Il me tendit la main, main que j'attrapai directement d'ailleurs, m'invitant à aller s'asseoir près de lui.


Nous nous sommes beaucoup parlé durant ce repas. Bien que mon moral était au plus bas, il réussit en seulement quelques minutes à me redonner le sourire. Ce n'est qu'après avoir passé toute l'après-midi ensemble à rire et à mieux se connaître que j'ai appris une chose : J'aimais Tenma.

Oui, je l'aime... telles étaient mes pensées lorsque je marchais sur la toute pour revenir chez moi. Quitter Tenma avait été dur : Ni lui ni moi ne voulait se séparer. En seulement une journée, je m'étais attaché à ce garçon et mon cœur ne semblait pas vouloir s'en décoller. Il était si beau, si gentil, si chaleureux, si mignon, si vivifiant... bref, je ne vais pas énumérer tout ce qui me plaît chez lui parce que sinon il y en aurait pour un bon bout de temps. Peut-être que je me trompe, peut-être que c'est juste quelqu'un que je trouve beau et gentil et que je crois être celui que j'aime. Peut-être suis-je la princesse sotte qui croit avoir trouvé son prince charmant. Oui, peut-être.

- Aoi! Où étais-tu passée?! S'exclama mon père en me voyant entrer dans le hall du château.

- Hum... je suis allée au village...

Quoi? C'est vrai, non?

- Je t'ai déjà dit de ne pas y aller! Ces paysans bouseux ne sont bons qu'à rester où ils sont, une fille de ton rang n'a pas à aller dans cet endroit!

Je ne dis rien, tentant de ne pas riposter face à ces paroles qui méritent qu'on torture la personne qui les prononce.

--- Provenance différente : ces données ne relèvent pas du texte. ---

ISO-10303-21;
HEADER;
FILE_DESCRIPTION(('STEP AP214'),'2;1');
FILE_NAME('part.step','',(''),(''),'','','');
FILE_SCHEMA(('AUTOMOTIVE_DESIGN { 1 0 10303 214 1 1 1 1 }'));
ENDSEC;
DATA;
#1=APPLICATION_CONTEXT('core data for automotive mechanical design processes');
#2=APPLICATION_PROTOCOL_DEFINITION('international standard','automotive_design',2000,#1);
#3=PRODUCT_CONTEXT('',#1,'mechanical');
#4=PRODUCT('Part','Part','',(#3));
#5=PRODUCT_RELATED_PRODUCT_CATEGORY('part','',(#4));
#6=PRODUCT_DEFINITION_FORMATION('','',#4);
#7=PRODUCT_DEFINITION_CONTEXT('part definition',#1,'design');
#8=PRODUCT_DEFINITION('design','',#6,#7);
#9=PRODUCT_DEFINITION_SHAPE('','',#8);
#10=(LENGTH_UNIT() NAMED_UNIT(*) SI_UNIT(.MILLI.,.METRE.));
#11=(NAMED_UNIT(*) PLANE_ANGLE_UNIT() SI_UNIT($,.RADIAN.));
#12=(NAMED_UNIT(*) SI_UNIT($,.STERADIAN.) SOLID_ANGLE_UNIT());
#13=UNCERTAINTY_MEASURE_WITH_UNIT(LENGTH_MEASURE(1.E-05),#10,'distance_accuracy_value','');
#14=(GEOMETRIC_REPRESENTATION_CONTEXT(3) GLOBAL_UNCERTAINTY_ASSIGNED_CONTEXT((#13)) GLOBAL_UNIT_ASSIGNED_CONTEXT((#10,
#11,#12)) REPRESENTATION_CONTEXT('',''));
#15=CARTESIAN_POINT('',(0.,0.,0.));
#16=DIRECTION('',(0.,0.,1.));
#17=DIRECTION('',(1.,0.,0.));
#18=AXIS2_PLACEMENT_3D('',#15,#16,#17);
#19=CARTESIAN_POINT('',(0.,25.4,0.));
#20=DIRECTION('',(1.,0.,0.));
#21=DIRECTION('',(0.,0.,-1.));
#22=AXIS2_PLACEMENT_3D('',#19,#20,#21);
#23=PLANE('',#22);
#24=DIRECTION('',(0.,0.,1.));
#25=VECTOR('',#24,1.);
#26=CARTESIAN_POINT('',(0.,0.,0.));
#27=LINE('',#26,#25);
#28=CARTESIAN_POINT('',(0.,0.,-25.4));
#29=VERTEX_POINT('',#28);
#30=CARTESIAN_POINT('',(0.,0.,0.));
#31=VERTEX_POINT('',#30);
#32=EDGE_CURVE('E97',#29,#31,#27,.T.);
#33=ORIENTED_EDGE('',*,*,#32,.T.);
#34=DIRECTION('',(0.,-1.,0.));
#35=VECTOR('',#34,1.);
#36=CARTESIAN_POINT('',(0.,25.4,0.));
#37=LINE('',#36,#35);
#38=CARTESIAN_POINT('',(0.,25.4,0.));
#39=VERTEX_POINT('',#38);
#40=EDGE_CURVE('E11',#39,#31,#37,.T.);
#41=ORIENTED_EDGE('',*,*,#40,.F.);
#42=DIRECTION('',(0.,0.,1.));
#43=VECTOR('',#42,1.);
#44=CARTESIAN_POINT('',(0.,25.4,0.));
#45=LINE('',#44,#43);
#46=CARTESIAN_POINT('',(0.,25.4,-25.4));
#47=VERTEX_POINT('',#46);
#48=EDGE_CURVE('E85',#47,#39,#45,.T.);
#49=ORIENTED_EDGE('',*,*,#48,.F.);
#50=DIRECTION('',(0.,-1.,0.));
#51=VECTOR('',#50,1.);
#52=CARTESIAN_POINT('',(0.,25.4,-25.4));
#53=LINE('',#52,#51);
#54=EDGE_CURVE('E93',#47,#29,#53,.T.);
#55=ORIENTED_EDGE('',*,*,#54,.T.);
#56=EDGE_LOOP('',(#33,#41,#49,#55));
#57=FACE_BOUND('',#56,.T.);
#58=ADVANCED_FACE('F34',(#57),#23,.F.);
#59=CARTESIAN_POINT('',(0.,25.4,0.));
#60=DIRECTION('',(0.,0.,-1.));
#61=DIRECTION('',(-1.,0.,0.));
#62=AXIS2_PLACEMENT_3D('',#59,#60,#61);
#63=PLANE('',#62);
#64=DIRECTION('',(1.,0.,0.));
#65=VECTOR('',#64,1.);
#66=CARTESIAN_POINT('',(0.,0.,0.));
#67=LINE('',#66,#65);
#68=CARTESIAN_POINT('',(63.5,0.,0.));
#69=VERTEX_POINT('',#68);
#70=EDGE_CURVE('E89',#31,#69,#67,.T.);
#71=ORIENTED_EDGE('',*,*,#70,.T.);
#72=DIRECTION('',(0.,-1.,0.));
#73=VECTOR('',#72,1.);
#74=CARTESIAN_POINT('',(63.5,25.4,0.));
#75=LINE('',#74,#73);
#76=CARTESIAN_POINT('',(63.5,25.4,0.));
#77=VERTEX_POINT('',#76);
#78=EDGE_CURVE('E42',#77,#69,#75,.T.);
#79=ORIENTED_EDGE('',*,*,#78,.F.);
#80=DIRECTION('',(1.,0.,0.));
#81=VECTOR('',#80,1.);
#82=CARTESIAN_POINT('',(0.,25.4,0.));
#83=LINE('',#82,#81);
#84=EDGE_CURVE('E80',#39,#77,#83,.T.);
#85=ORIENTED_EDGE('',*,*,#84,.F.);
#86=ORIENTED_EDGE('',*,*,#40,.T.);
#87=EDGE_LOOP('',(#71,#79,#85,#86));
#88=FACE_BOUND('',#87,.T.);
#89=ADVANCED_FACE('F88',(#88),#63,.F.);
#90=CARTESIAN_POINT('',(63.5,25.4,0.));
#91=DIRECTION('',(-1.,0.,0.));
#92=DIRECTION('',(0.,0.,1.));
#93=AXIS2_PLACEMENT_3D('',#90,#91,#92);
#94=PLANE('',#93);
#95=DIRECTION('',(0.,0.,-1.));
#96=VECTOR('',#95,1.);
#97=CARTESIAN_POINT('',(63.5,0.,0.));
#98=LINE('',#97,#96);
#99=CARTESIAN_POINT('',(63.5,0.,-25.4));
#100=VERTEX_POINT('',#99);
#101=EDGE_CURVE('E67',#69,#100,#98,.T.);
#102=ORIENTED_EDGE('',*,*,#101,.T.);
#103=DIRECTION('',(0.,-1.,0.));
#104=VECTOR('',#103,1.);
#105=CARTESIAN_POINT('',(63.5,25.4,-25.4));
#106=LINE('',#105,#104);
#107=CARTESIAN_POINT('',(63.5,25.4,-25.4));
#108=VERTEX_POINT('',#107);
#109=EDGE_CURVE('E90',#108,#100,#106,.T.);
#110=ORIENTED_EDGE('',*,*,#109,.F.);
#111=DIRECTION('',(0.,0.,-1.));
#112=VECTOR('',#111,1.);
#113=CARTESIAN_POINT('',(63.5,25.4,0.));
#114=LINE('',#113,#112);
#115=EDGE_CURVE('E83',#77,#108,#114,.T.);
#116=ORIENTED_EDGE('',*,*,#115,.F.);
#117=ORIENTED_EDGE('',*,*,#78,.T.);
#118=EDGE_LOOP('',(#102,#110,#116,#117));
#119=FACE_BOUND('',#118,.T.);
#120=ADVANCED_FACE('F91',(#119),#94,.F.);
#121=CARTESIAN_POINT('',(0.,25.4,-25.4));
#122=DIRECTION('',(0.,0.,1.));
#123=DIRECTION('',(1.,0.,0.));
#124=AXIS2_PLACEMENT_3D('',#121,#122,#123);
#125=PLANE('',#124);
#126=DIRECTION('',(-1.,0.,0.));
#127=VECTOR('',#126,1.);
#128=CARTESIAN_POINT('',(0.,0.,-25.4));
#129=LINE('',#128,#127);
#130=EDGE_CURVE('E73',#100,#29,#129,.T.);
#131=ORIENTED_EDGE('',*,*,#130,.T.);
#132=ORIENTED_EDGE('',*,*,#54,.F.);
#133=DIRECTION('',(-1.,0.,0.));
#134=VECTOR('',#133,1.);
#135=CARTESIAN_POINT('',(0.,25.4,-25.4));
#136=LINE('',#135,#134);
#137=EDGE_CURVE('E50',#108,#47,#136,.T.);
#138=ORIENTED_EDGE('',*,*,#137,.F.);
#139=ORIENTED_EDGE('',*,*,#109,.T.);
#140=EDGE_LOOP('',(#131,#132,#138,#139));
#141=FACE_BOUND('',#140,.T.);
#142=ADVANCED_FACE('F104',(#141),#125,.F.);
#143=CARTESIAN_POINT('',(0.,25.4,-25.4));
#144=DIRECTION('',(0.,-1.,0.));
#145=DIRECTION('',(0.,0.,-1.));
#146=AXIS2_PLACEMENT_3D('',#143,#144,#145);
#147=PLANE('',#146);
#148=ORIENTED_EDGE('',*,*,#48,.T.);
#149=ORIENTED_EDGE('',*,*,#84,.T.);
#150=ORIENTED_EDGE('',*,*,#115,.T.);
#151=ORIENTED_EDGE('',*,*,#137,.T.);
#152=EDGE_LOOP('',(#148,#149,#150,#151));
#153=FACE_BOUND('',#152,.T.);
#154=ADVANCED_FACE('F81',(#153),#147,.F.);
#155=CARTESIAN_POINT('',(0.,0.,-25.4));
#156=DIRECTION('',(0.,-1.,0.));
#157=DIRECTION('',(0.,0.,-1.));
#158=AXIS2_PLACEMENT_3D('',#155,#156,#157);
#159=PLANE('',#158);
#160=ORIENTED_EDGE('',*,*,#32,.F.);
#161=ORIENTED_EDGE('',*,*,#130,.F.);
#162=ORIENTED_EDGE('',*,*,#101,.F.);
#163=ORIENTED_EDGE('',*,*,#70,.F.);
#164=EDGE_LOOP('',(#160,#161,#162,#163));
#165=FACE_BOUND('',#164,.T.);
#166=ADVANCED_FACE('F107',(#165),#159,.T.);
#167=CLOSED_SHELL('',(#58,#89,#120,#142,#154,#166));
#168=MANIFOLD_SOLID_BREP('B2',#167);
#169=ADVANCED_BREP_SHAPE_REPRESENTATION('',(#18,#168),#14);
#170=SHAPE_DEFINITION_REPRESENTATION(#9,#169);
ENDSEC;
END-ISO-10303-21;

- Et dans cette tenue, en plus! C'est une des vieilles robes en soie dorée de ta mère! Je me demande pourquoi le ciel m'a donné une fille comme celle-ci! Enfin bref, il n'est pas le temps de maudire les décisions de notre Père. Va vite te préparer, nous avons un invité de marque qui va bientôt arriver!

- Quoi?! Comment cela, de qui s'agit-il?!

- Du comte de Nightbury et de son fils. Il ne vont pas tarder, alors file vite te préparer! Ohlala, mais qu'aurais-je fait si tu n'étais pas revenue? Et où est Akane?! Nous avons besoin d'elle!

- Eh bien... elle est allée voir sa famille, elle ne rentrera que dans trois jours... mentis-je.

- Quoi! Et elle ne m'a même pas prévenu! Ah, ce sera retenu sur son salaire mensuel! Alors appelez donc Fuyuka, ou Beta! Nous avons besoin de te préparer!

Ainsi donc, les deux jeunes femmes coururent vers moi et m'emmenèrent dans ma chambre, où, pendant plus d'une heure et demie, elles m'ont parée, maquillée, habillée, chaussée et coiffée comme une princesse. Ou comme une poupée. En fait, je ne vois pas la différence. Je pus bouger, quand même, car bien que je ne m'habille souvent que d'une robe simple (au grand désespoir de mon père), j'ai l'habitude depuis toute petite que l'on me mette un pareil costume sur le dos. Car oui, cette tenue n'était rien d'autre qu'un costume qui montrait aux hommes qu'avec celui-ci, "les femmes sont encore plus bêtes qu'elles ne le sont d'habitude". Un attrape-débile, en fait. Et encore, je suis polie. Désolée, mais le fait de se faire plus belle juste parce que l'on va vous présenter à l'homme auquel on va vous marier et qu'il faut qu'il vous trouve à son goût m'exaspère particulièrement.

- Souriez, Mademoiselle Aoi! Me dit gaiement Fuyuka en reposant la brosse qu'elle avait dans les mains.

Non, je ne veux pas sourire. Déjà, parce que je déteste que l'on m'appelle "Mademoiselle" Aoi, que l'enthousiasme des servantes qui m'entourent me rend malade, et que le simple fait de recontrer ce Tsurugi Kyousuke me donne envie de sauter par la fenêtre pour voir si j'arrive à voler.

Mais je ne pus malheureusement pas accomplir ce geste car à peine m'étais-je levée de ma chaise, j'entendis mon père crier :

- Aoi, ma fille! Descends tout de suite, nos invités arrivent!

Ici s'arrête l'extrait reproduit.